In [6]: torch.cuda.is_available()
Out[6]: True

Это говорит мне о том, что GPU GeForce GTX 950Mиспользуется PyTorch.

vinzee
источник
10
Я думаю, это просто показывает, что эти устройства доступны на машине, но я не уверен, сможете ли вы узнать, сколько памяти используется каждым графическим процессором или около того ...
kmario23
4
Бег torch.cuda.current_device()был полезен для меня. Он показал, что мой GPU, к сожалению, слишком стар: «Найден GPU0 GeForce GTX 760, который имеет возможность cuda 3.0. PyTorch больше не поддерживает этот GPU, потому что он слишком старый».
JohnnyFun
3
torch.cuda.is_available()
mrgloom
@ kmario23 Спасибо за указание на это. Есть ли вызов функции, который дает нам эту информацию (сколько памяти используется каждым графическим процессором)? :)
Натан,
1
@frank Да, просто эта команда: $ watch -n 2 nvidia-smiделает работу. Для более подробной информации, пожалуйста, смотрите мой ответ ниже .
kmario23
75

Поскольку это не было предложено здесь, я добавляю метод, использующий torch.device, поскольку это очень удобно, также при инициализации тензоров на правильных device.

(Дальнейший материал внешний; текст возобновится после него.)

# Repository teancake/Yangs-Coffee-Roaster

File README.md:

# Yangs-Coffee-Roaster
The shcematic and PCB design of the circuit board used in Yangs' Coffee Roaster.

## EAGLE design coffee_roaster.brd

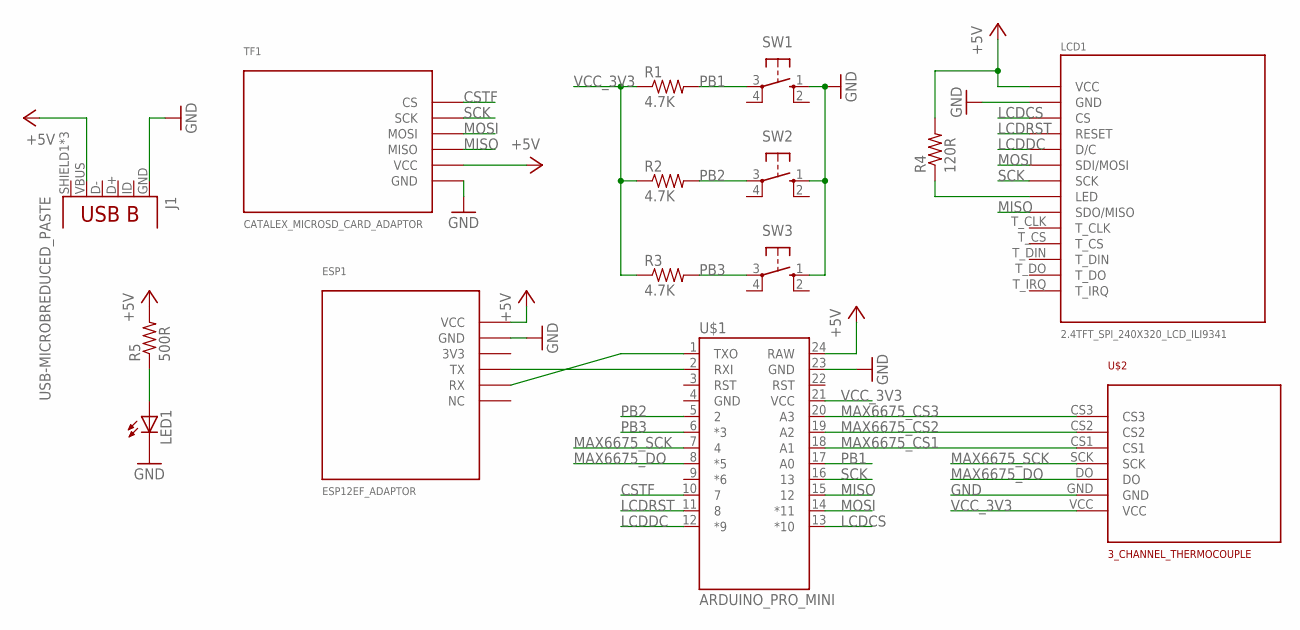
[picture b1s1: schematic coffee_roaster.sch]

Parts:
ESP1: ESP12EF_ADAPTOR
J1: USB-MICROBREDUCED_PASTE; USB-B-MICRO-SMD_V03_RED_PASTE
LCD1: 2.4TFT_SPI_240X320_LCD_ILI9341
LED1: LED5MM
R1, R2, R3: 4.7K; 0603-RES
R4: 120R; 0603-RES
R5: 500R; 0603-RES
SW1, SW2, SW3: PUSHBUTTON; B3F-10XX
TF1: CATALEX_MICROSD_CARD_ADAPTOR
U$1: ARDUINO_PRO_MINI
U$2: 3_CHANNEL_THERMOCOUPLE

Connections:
+5V: ESP1.VCC, J1.VBUS, LCD1.VCC, R4.2, R5.2, TF1.VCC, U$1.24 (RAW)
CSTF: TF1.CS, U$1.10 (7)
GND: ESP1.GND, J1.GND, LCD1.GND, LED1.K (C), SW1.1 (S), SW2.1 (S), SW3.1 (S), TF1.GND, U$1.23 (GND), U$2.GND
LCDCS: LCD1.CS, U$1.13 (*10)
LCDDC: LCD1.D/C, U$1.12 (*9)
LCDRST: LCD1.RESET, U$1.11 (8)
MAX6675_CS1: U$1.18 (A1), U$2.CS1
MAX6675_CS2: U$1.19 (A2), U$2.CS2
MAX6675_CS3: U$1.20 (A3), U$2.CS3
MAX6675_DO: U$1.8 (*5), U$2.DO
MAX6675_SCK: U$1.7 (4), U$2.SCK
MISO: LCD1.SDO/MISO, TF1.MISO, U$1.15 (12)
MOSI: LCD1.SDI/MOSI, TF1.MOSI, U$1.14 (*11)
unnamed: LCD1.LED, R4.1
unnamed: LED1.A, R5.1
unnamed: ESP1.RX, U$1.1 (TXO)
unnamed: ESP1.TX, U$1.2 (RXI)
PB1: R1.2, SW1.3, U$1.17 (A0)
PB2: R2.2, SW2.3, U$1.5 (2)
PB3: R3.2, SW3.3, U$1.6 (*3)
SCK: LCD1.SCK, TF1.SCK, U$1.16 (13)
VCC_3V3: R1.1, R2.1, R3.1, U$1.21 (VCC), U$2.VCC

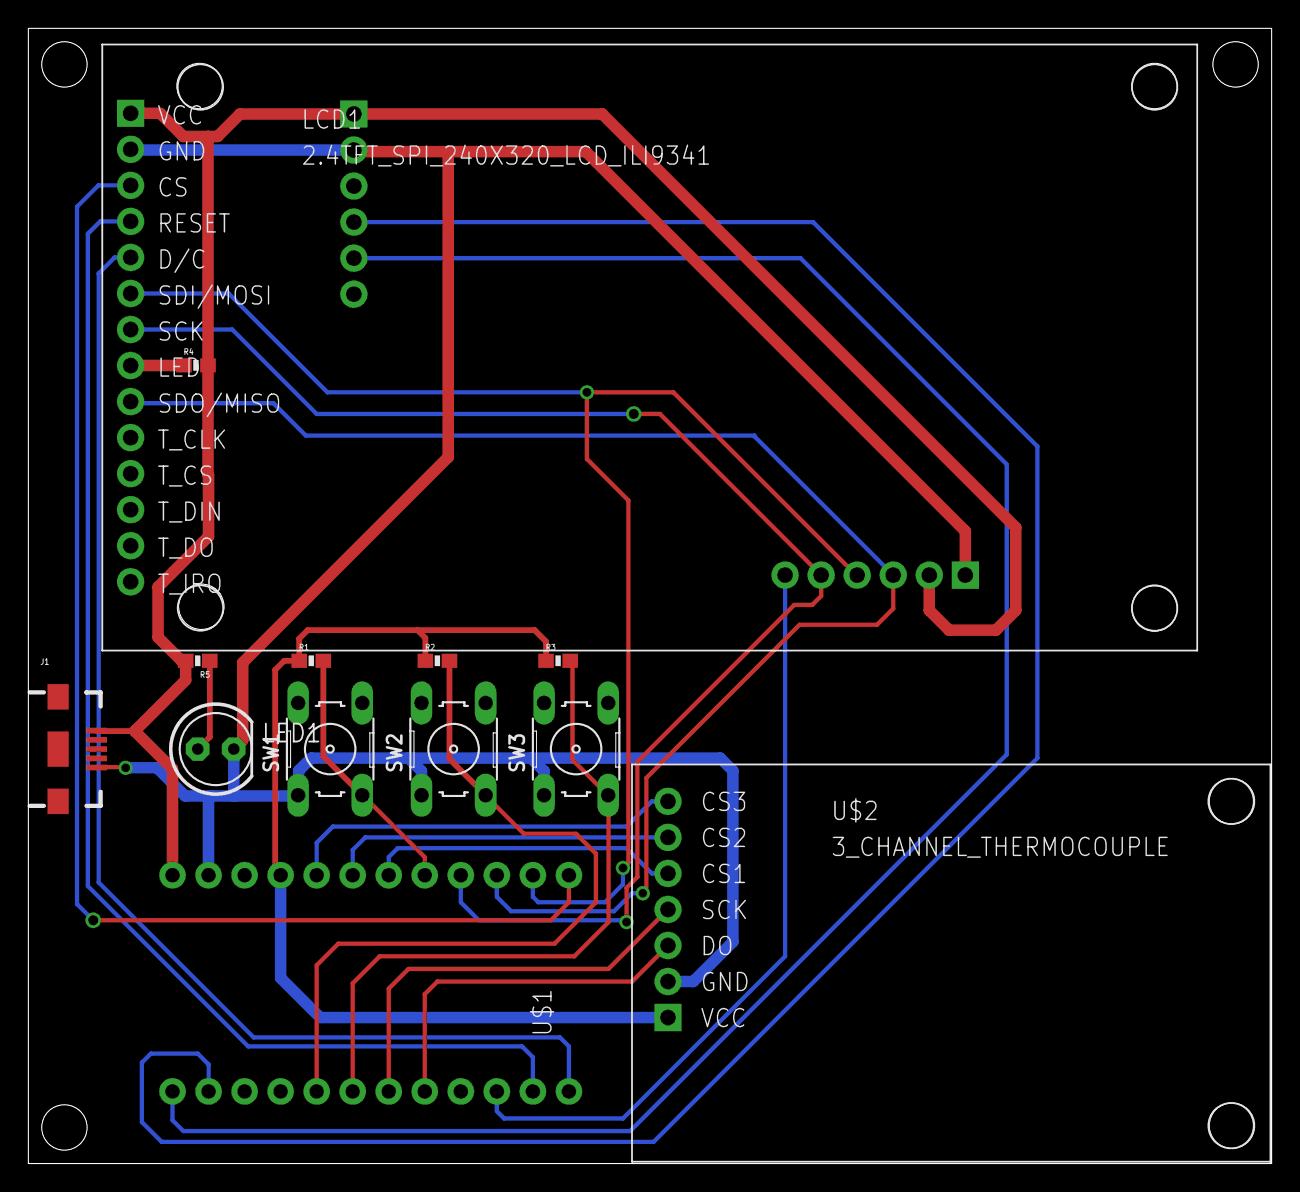
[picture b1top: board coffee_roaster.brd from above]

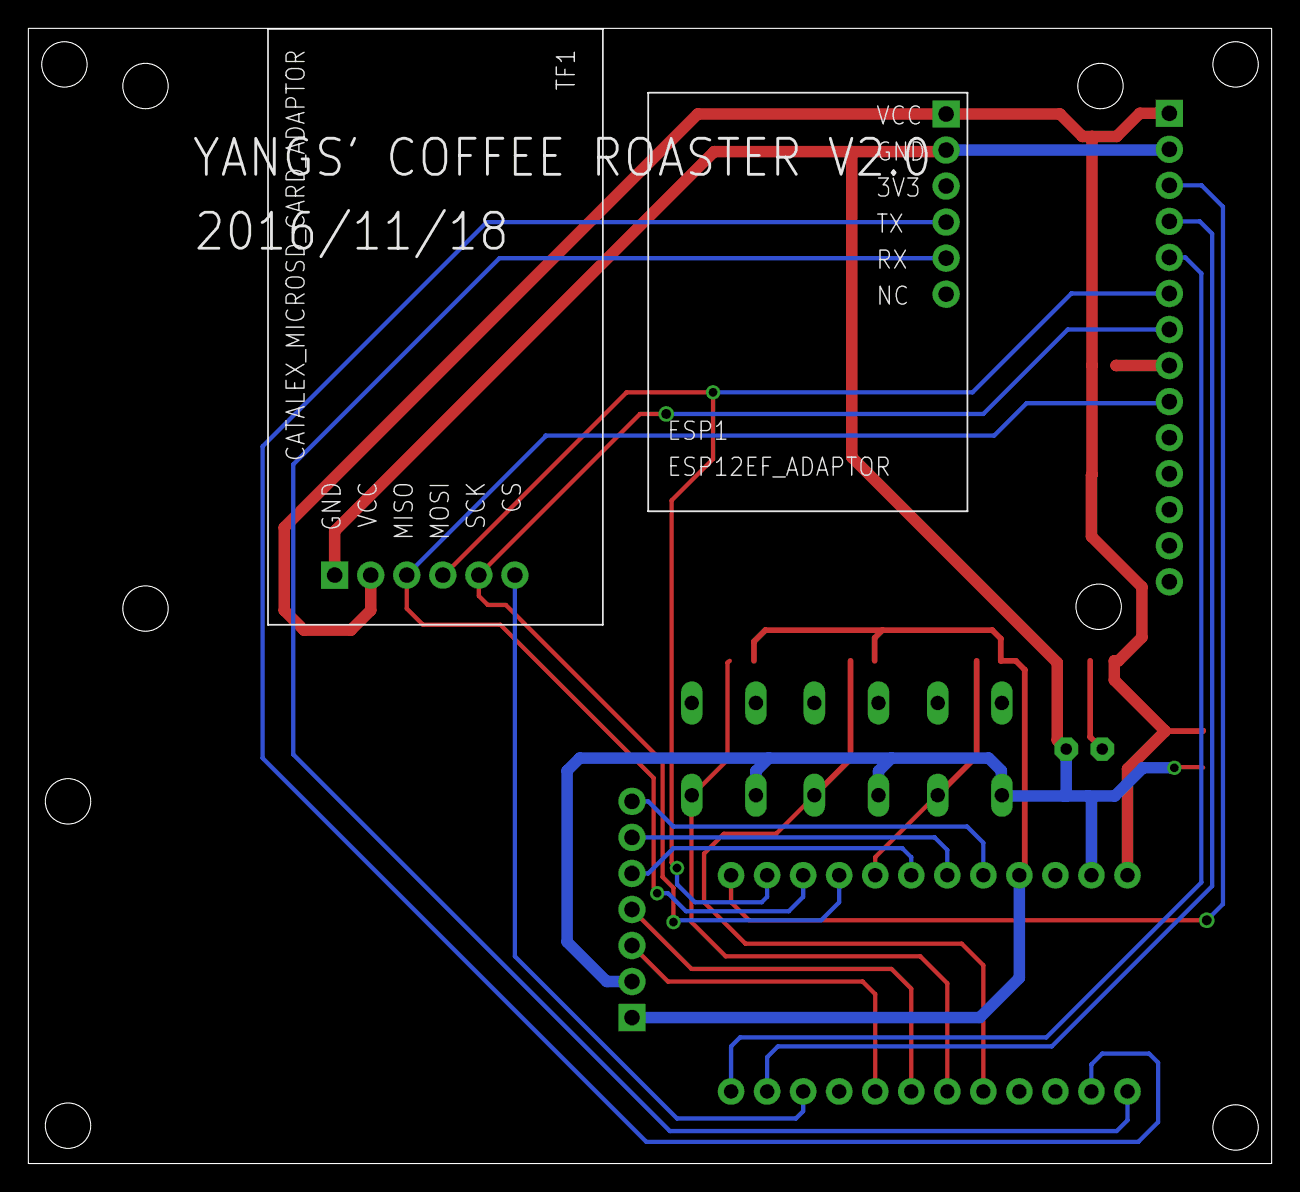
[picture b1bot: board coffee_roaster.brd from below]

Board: 2 copper layers, 87.6 x 80.0 mm, 15 parts (2 on the bottom side), 22 nets.

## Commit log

2016-12-14 all design files
2017-02-17 Add CAD files for the 3D printed case and a tiny update of the readme file.
2017-02-17 Add CAD files for the 3D printed case.

# setting device on GPU if available, else CPU
device = torch.device('cuda' if torch.cuda.is_available() else 'cpu')
print('Using device:', device)
print()

#Additional Info when using cuda
if device.type == 'cuda':
    print(torch.cuda.get_device_name(0))
    print('Memory Usage:')
    print('Allocated:', round(torch.cuda.memory_allocated(0)/1024**3,1), 'GB')
    print('Cached:   ', round(torch.cuda.memory_cached(0)/1024**3,1), 'GB')

Вывод:

Using device: cuda

Tesla K80
Memory Usage:
Allocated: 0.3 GB
Cached:    0.6 GB

Как уже упоминалось выше, с помощью deviceэтого можно :

  • Чтобы переместить тензоры в соответствующие device:

    torch.rand(10).to(device)
  • Чтобы создать тензор непосредственно на device:

    torch.rand(10, device=device)

Что делает переключение между процессором и графическим процессором удобным без изменения фактического кода.


Редактировать:

Поскольку возникли некоторые вопросы и путаница в отношении кэшированной и выделенной памяти, я добавляю дополнительную информацию об этом:

  • torch.cuda.max_memory_cached(device=None)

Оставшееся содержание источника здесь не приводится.